Your instructions: The expected answer comprises all lines from the entries that contain the string "layers".

Input for this task:

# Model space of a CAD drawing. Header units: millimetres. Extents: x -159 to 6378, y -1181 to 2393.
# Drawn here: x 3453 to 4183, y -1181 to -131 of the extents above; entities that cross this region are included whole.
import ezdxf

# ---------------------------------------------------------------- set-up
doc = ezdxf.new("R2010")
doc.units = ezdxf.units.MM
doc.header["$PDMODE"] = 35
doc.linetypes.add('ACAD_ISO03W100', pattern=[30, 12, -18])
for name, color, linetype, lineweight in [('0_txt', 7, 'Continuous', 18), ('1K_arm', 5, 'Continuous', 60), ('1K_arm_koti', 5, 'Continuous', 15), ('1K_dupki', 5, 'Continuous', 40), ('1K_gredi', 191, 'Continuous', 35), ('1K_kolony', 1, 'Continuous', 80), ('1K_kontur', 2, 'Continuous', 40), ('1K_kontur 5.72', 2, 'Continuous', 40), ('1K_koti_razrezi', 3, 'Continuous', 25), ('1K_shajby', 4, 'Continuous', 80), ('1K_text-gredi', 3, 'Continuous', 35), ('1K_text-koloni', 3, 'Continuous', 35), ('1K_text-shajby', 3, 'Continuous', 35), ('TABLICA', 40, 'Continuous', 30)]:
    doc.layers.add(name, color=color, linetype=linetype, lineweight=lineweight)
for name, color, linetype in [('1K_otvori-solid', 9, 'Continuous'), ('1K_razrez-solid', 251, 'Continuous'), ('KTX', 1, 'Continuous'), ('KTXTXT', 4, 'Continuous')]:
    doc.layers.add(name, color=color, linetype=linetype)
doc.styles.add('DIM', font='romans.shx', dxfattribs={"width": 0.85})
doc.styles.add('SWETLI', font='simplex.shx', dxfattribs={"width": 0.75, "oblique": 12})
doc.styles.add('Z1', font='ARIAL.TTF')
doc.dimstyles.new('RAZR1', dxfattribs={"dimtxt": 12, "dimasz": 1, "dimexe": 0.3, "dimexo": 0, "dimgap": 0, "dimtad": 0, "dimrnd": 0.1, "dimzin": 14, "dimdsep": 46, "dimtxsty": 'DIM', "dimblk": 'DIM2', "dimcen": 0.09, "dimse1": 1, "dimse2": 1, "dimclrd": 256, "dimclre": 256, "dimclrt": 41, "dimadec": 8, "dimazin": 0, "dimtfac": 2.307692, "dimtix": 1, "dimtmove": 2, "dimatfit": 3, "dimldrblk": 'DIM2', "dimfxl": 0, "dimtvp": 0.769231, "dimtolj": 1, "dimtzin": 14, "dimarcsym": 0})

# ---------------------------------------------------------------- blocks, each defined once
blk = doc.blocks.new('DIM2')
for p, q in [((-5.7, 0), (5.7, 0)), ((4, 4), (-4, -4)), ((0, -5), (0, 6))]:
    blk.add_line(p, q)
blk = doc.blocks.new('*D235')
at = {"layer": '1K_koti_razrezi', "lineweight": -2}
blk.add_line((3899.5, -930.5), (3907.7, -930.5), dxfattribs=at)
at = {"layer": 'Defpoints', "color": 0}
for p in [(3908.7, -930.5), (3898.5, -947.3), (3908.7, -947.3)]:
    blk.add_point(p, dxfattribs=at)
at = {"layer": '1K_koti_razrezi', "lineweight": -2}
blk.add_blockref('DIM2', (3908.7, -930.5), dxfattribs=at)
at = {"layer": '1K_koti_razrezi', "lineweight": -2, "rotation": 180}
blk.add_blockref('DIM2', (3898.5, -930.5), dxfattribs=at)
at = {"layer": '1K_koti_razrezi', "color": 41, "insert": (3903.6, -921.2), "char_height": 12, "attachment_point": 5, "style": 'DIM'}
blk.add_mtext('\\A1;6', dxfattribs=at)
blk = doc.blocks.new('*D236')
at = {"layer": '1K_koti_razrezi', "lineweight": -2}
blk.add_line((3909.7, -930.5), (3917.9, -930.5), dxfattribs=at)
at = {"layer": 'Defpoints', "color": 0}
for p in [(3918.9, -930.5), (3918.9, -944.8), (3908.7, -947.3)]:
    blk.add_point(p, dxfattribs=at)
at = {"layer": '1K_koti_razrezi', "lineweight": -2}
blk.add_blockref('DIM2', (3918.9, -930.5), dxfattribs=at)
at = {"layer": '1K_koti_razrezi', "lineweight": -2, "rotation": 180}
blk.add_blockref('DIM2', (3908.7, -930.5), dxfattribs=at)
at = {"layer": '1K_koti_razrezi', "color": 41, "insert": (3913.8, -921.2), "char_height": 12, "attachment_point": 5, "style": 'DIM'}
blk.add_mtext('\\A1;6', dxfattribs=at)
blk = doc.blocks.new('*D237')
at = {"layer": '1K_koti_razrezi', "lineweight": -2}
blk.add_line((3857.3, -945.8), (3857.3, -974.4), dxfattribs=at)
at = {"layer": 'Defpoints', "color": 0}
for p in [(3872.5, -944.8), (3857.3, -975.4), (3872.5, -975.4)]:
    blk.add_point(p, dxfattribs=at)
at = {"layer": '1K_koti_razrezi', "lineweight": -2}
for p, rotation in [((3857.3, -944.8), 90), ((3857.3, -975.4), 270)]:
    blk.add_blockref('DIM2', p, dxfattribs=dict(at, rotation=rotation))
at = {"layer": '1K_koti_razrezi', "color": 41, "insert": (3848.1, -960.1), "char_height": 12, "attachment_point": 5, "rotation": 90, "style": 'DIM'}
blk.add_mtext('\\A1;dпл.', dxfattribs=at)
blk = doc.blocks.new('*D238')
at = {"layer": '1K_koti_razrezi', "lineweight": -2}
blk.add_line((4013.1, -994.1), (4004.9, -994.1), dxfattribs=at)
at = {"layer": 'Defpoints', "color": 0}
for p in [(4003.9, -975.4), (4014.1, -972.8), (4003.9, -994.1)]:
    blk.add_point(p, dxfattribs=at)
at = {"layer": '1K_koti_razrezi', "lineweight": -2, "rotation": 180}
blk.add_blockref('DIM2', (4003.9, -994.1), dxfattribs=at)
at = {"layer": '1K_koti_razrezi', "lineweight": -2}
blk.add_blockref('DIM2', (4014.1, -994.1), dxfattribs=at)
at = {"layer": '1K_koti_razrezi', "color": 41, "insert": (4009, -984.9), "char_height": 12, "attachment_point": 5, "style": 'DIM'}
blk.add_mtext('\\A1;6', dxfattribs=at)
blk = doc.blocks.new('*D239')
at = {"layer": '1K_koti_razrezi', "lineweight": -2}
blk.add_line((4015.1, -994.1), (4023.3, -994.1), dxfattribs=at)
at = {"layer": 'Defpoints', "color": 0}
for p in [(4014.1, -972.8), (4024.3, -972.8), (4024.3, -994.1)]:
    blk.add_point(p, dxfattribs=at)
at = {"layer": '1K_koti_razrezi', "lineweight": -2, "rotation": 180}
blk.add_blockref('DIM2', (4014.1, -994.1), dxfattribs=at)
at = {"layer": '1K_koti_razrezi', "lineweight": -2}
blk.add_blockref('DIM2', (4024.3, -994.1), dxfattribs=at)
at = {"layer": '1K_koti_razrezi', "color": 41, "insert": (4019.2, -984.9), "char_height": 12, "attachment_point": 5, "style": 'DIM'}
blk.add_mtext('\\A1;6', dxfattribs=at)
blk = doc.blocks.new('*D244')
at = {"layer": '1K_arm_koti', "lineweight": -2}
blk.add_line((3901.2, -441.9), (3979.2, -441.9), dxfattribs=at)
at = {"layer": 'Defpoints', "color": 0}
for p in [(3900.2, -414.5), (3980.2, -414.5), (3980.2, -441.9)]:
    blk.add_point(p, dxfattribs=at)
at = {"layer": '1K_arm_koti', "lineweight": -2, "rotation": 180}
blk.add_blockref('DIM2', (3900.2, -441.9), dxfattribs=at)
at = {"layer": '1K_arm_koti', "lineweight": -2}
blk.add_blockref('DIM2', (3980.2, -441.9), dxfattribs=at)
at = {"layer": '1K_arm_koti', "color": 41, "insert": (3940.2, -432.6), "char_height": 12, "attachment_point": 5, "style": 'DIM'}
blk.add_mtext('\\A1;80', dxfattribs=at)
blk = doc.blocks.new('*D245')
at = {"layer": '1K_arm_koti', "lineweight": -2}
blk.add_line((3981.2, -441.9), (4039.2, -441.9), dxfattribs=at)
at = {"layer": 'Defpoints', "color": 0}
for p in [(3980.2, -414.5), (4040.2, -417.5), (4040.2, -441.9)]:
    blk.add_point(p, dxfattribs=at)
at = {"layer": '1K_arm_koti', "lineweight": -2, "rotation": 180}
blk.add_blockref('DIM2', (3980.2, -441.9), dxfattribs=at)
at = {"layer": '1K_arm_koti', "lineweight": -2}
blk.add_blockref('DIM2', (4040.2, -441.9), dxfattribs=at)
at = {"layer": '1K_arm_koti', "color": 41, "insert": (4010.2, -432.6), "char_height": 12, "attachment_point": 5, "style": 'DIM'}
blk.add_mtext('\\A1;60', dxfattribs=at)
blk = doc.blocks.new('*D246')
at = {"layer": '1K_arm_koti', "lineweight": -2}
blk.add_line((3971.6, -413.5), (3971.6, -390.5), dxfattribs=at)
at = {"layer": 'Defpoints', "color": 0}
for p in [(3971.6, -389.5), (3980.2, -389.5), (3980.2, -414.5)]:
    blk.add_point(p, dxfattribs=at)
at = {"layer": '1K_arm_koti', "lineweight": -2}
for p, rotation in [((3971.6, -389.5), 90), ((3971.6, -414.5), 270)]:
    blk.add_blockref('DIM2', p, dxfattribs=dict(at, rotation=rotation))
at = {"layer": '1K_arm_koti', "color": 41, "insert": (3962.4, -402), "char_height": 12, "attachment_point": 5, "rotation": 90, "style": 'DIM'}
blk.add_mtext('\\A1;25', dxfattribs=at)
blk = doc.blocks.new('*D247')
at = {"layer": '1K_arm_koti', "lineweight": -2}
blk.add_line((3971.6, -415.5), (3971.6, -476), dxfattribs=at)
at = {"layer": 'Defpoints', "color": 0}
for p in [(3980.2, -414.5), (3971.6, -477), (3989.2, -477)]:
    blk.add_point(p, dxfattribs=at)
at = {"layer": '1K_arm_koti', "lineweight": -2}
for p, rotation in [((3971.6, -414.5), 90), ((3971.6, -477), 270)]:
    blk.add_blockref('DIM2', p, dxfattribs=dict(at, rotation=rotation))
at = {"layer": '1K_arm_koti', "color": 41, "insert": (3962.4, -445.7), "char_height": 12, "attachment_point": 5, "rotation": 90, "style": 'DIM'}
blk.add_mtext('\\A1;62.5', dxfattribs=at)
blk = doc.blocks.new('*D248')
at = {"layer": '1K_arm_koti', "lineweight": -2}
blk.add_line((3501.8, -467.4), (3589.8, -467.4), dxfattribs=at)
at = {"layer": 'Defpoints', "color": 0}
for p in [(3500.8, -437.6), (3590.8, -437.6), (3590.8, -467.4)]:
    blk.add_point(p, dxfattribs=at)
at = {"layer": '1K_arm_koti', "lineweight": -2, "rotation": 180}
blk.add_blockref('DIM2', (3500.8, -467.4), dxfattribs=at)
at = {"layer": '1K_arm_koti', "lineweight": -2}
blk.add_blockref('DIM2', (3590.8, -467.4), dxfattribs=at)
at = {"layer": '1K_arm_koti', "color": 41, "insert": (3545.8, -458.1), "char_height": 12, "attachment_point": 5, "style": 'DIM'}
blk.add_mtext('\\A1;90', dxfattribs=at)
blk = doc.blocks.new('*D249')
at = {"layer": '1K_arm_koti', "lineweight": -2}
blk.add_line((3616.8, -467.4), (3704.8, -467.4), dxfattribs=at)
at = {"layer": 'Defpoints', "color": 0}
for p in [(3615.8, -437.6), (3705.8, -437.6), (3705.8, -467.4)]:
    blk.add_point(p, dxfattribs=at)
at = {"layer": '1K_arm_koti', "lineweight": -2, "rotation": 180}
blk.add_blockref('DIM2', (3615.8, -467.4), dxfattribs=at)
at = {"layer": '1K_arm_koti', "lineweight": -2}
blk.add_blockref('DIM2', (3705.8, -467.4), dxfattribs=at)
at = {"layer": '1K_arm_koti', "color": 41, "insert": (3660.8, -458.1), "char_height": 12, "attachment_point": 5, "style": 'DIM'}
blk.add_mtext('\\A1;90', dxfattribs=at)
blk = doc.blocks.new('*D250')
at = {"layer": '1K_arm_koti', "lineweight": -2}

Solution to this task:
    doc.layers.add(name, color=color, linetype=linetype, lineweight=lineweight)
    doc.layers.add(name, color=color, linetype=linetype)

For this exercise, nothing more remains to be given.